Teria um dia assim nesta segunda, mas, lá pelas seis, quando me preparava para reclamar, senti sobre meu rosto uma mão macia a perambular. Cheirosa também, com os dedos pontilhando de leve, muito de leve, pontos na face, atrás da orelha, abaixo do queixo e até nos lábios.
Delícia. A bem dizer, passeava fagueira para que meu despertar acendesse luzes no cérebro entorpecido. E me fizesse lúcido.

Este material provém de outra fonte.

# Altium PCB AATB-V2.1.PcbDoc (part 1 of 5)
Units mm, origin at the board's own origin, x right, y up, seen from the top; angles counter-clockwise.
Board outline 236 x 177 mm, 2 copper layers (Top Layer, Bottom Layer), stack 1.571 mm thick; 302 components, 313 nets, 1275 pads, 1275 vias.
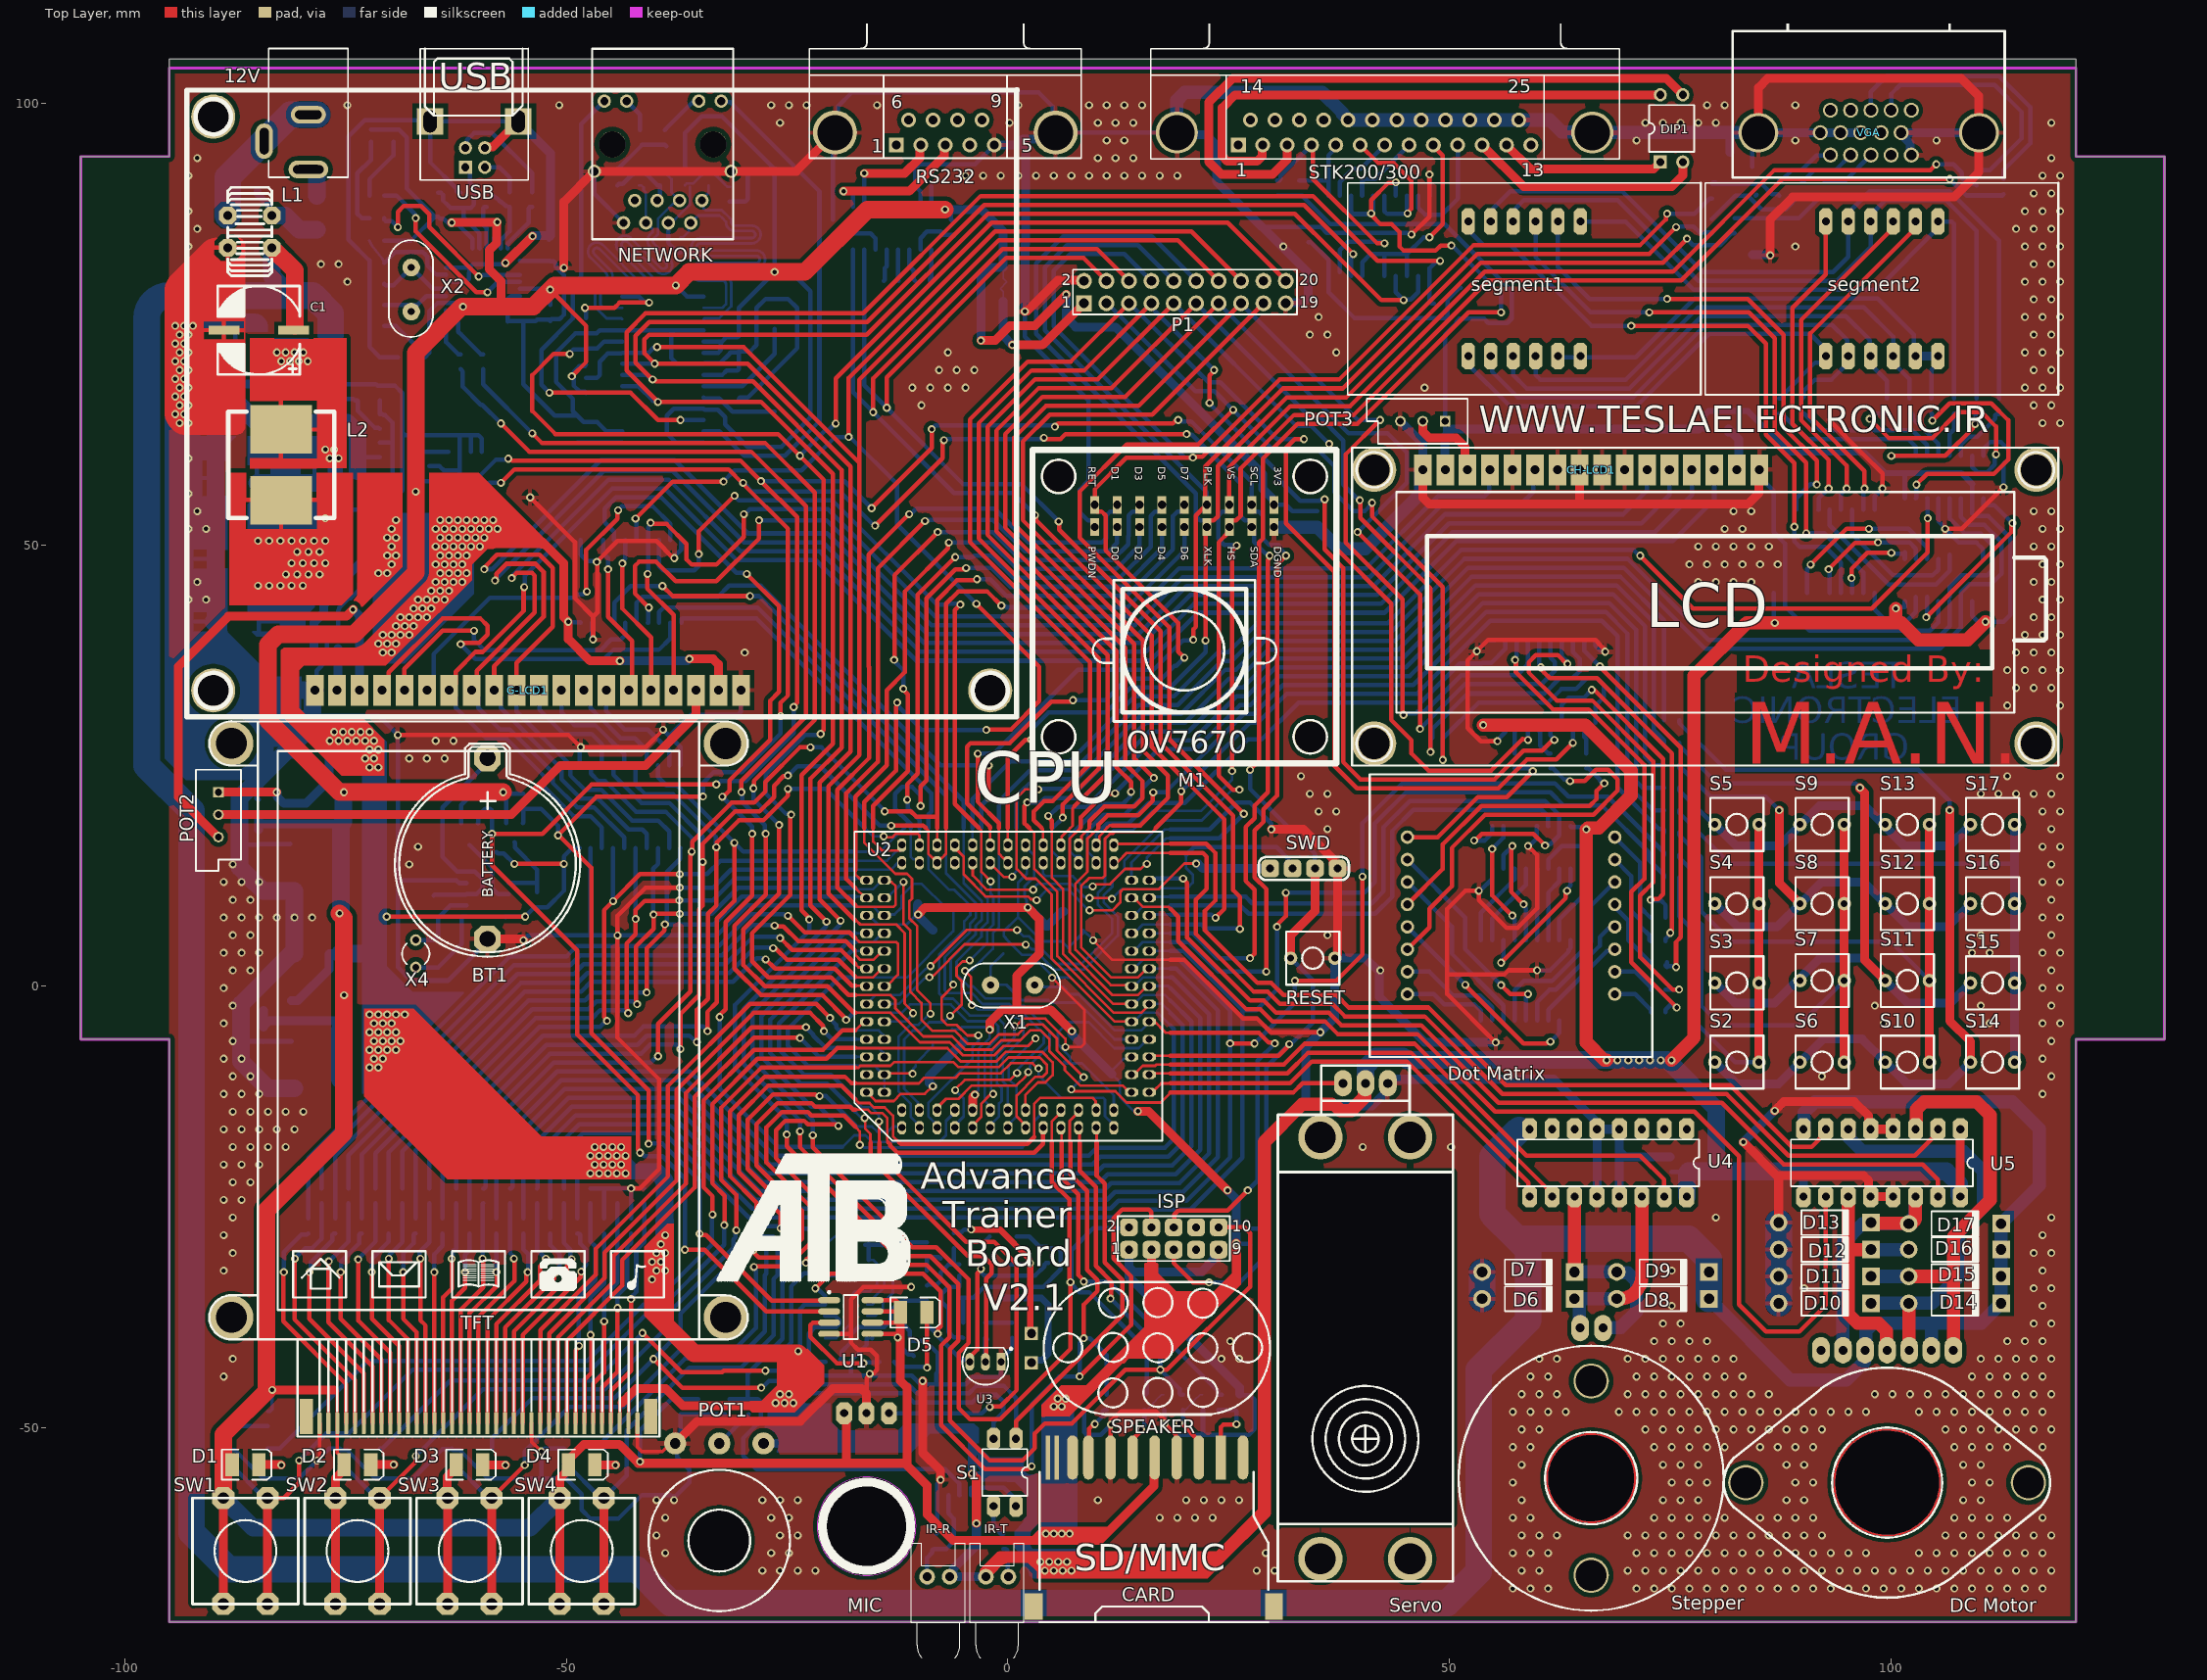
[diagram p0: Top Layer view]
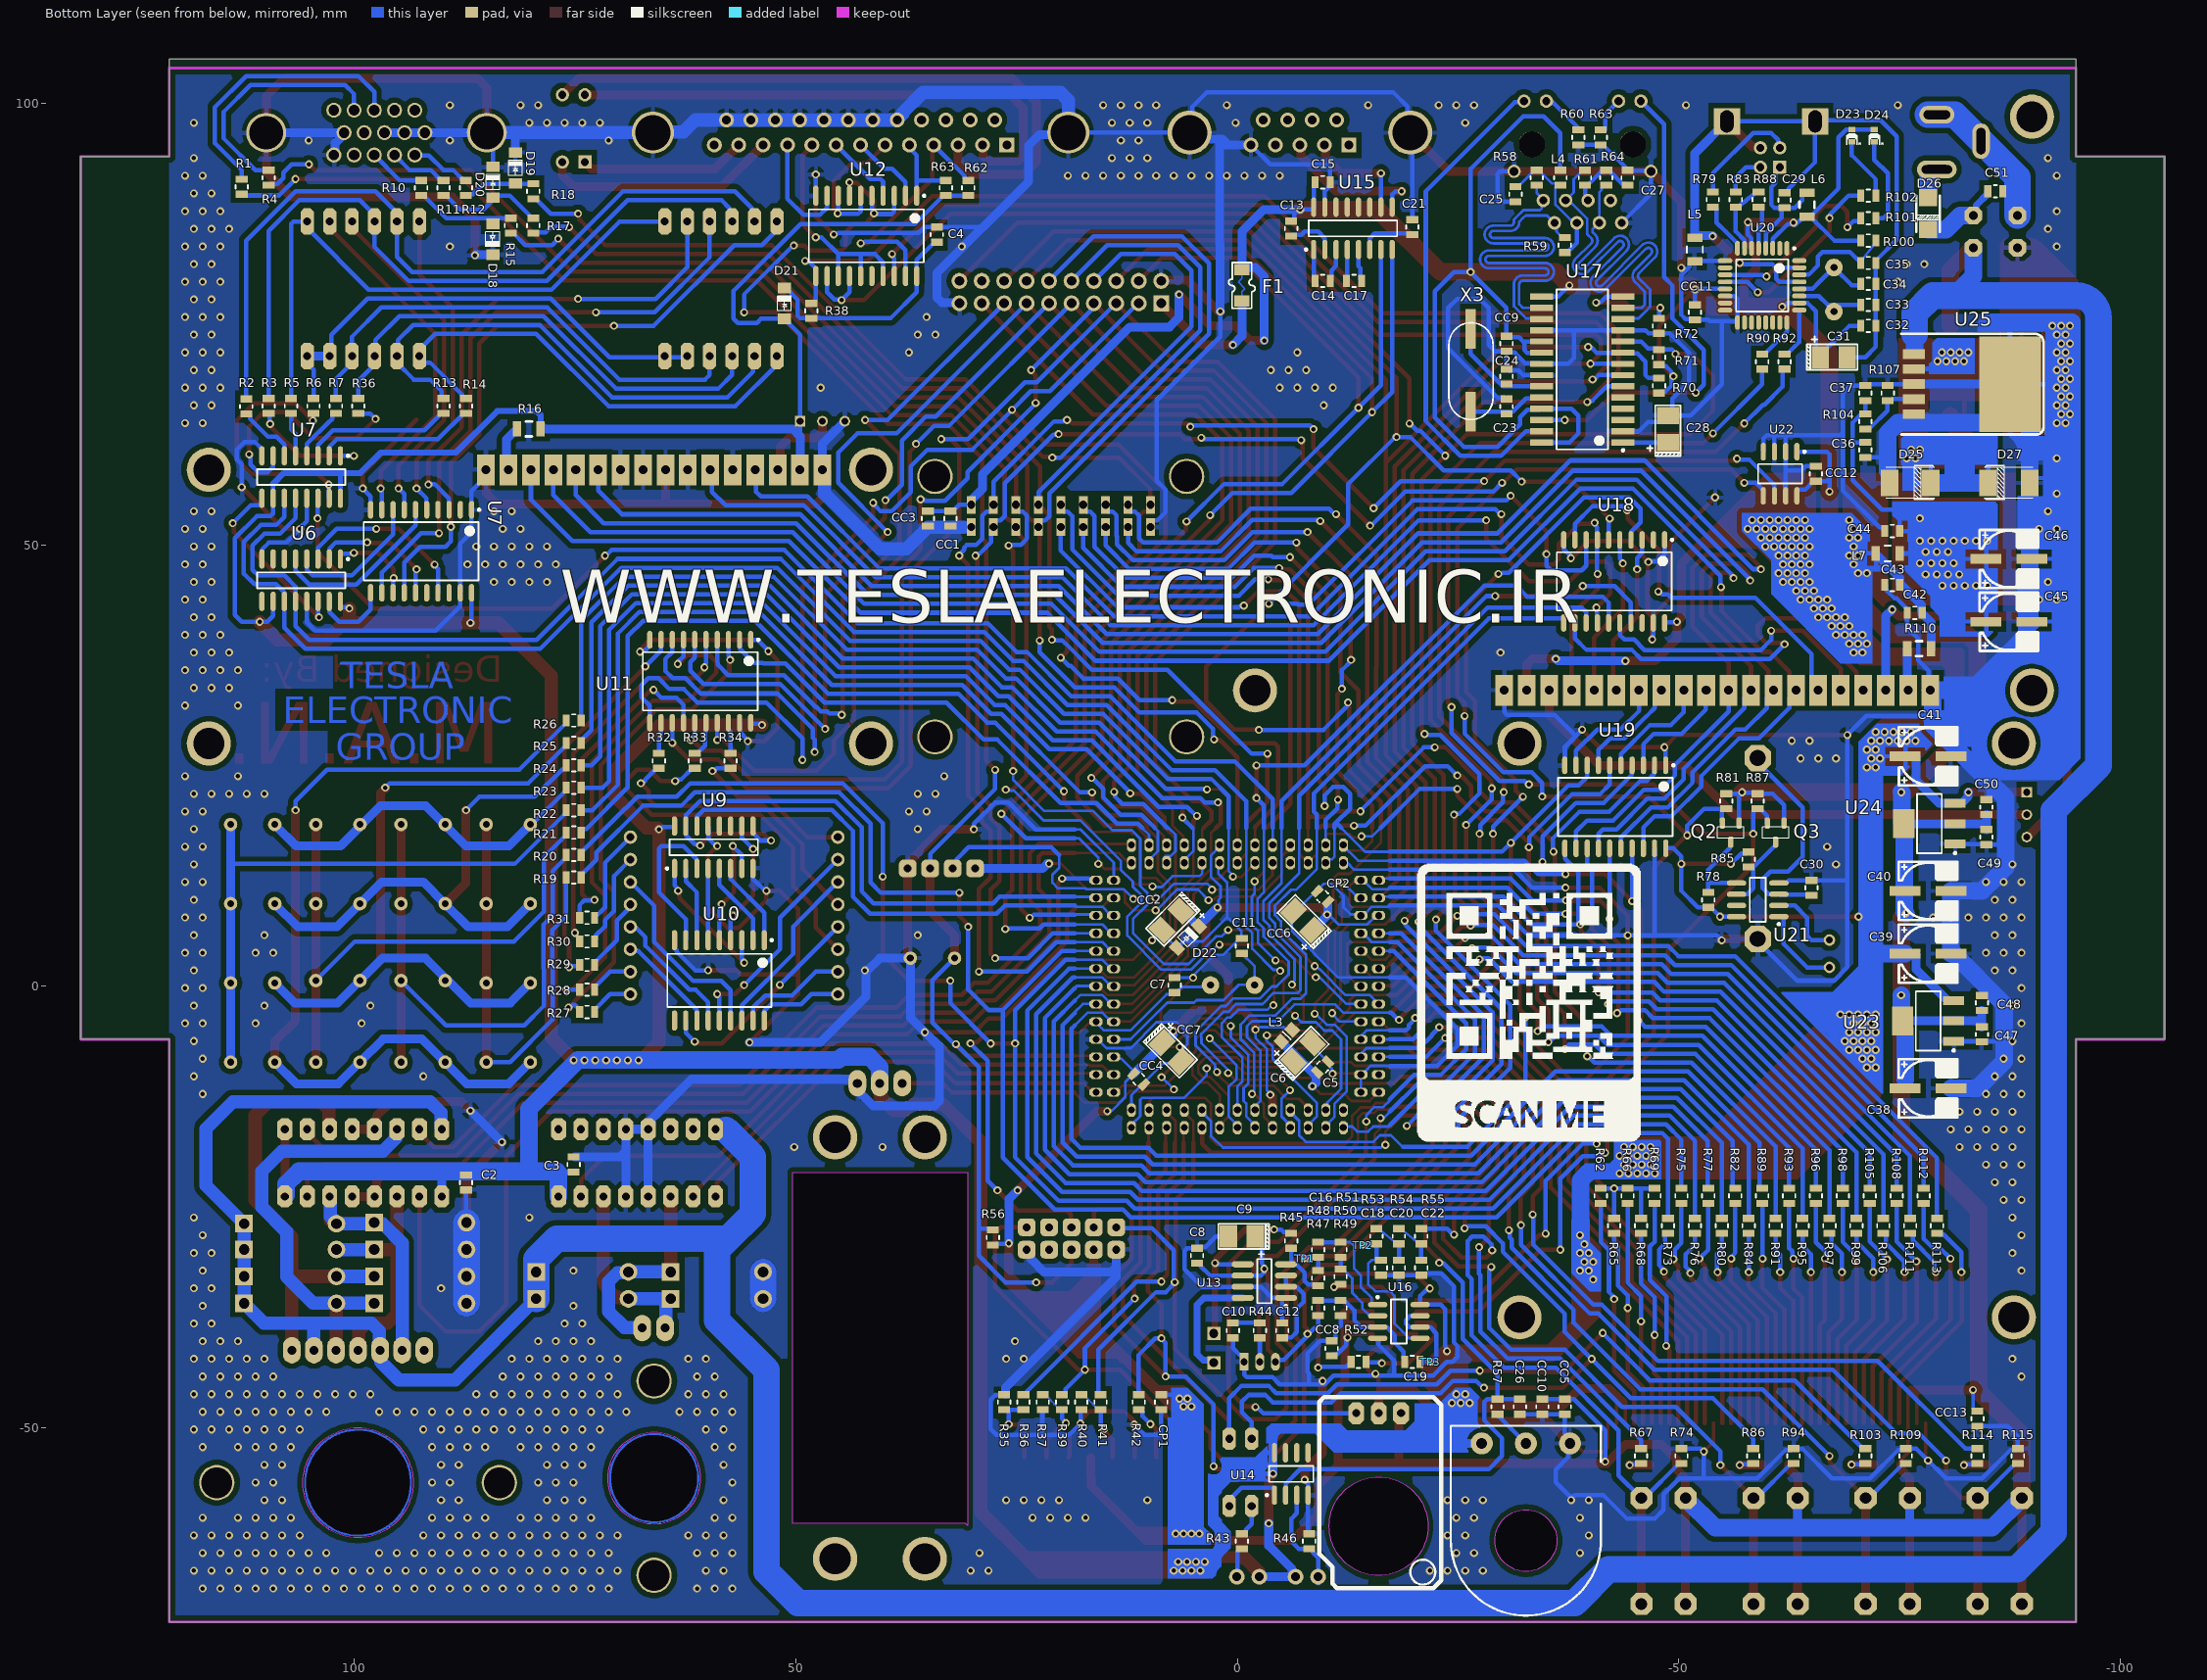
[diagram p1: Bottom Layer view, seen from below]
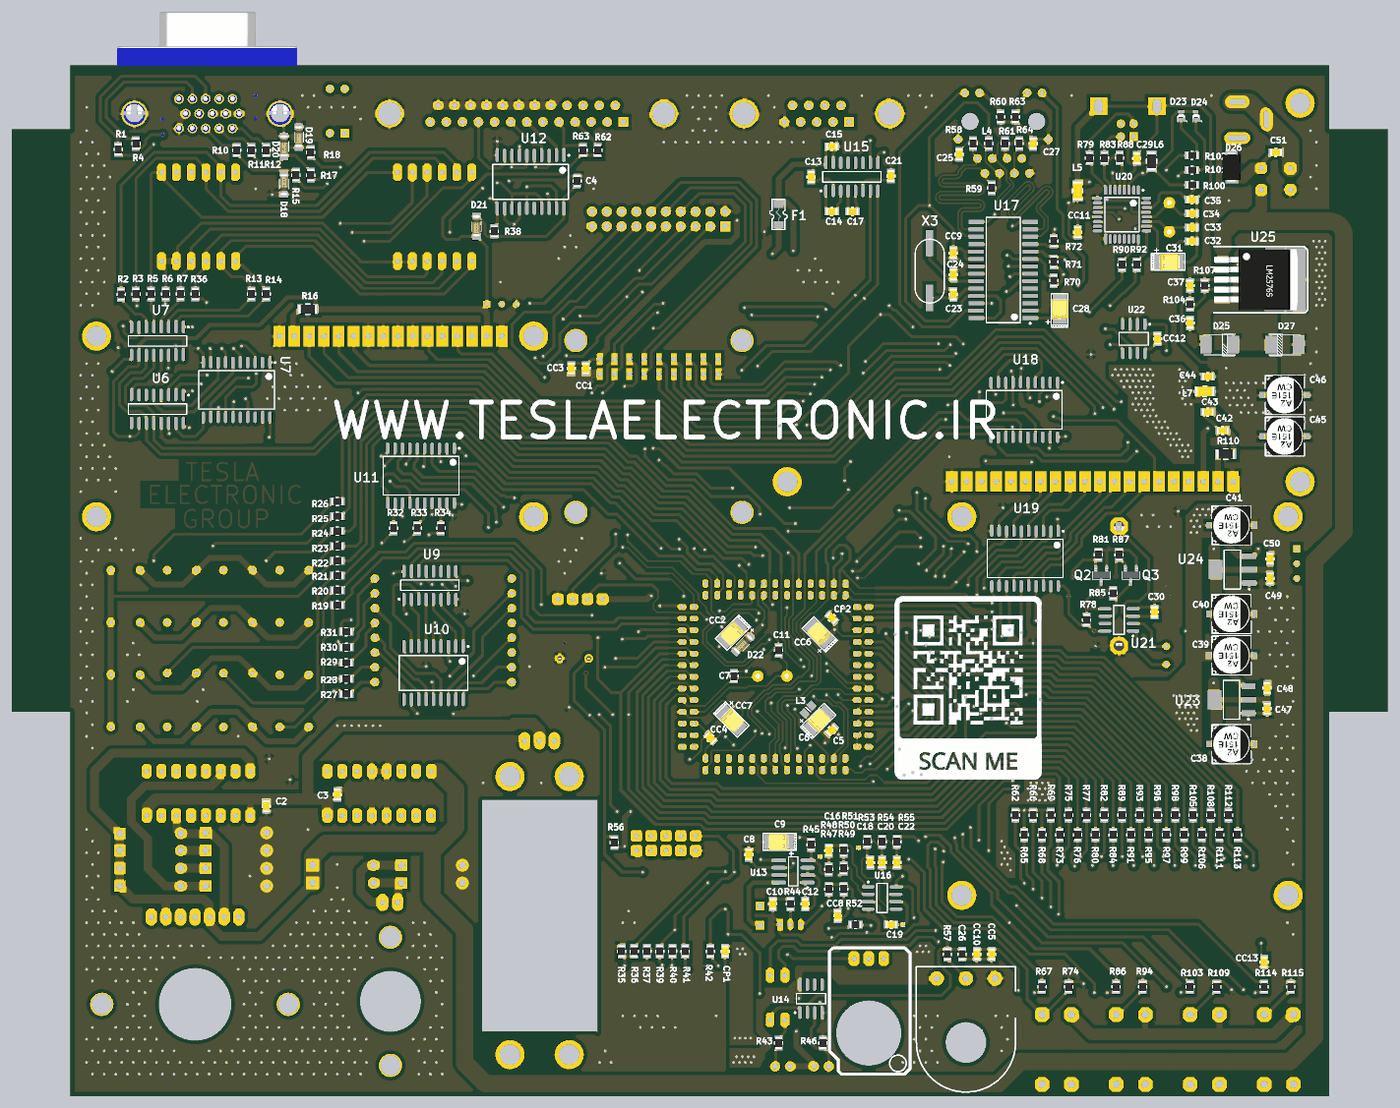
[diagram p6: 3D render of the assembled board from below, using the file's embedded part models]

## Layer stack, top to bottom
Top Solder: solder mask 0.0102, Solder Resist, Dk 3.5
Top Layer: signal copper 0.0356
Dielectric1: core 1.5, FR-4, Dk 4.8
Bottom Layer: signal copper 0.0356
Bottom Solder: solder mask 0.0102, Solder Resist, Dk 3.5

## Board outline
-95,-72 121,-72 121,-6 131,-6 131,94 121,94 121,105 -95,105 -95,94 -105,94 -105,-6 -95,-6
cut-out: -36.175,-62.775 ccw(c-32.675,-62.775) -32.675,-66.275 ccw(c-32.675,-62.775) -29.175,-62.775 ccw(c-32.675,-62.775) -32.675,-59.275 ccw(c-32.675,-62.775)
cut-out: -21.581,-61.152 ccw(c-15.993,-61.152) -15.993,-66.74 ccw(c-15.993,-61.152) -10.405,-61.152 ccw(c-15.993,-61.152) -15.993,-55.564 ccw(c-15.993,-61.152)
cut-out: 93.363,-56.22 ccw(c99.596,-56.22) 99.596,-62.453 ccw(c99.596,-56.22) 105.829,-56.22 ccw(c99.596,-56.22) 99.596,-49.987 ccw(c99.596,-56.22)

Depois da mão, acompanhou-a um braço também de leveza e suavidade que se estendeu num abraço que, por si, aproximou um corpo também morno e macio. E perfumado, solto num roupão de seda escorregadia, que faz que esconde sem esconder o que guarnece.
E dessa forma e nessas condições, convenhamos, não há mau humor que resista, nem cara feia que aguente, nem ranço da noite mal dormida; nem qualquer ruindade que amargue a mais doce rapadura, ou azede o já azedo limão, porque o acordar nessas condições, com mão, braço e corpo, macios e perfumados, saboreando a maciez da manhã, faz com que se coloque nos lábios o formato do sorriso, e no sorriso o formato do amor e, entre os formatos, prevaleça a vontade de amar, e que essa se ilumine com os primeiros raios de sol.
Tudo em cadência, na simplicidade do tempo que consegue transformar o desprazer do levantar numa segunda, em prazer de estar em momentos de paz, que perdurará por todo o dia.
Bendita mão que perambula… solta e livre, como prova do gostar. …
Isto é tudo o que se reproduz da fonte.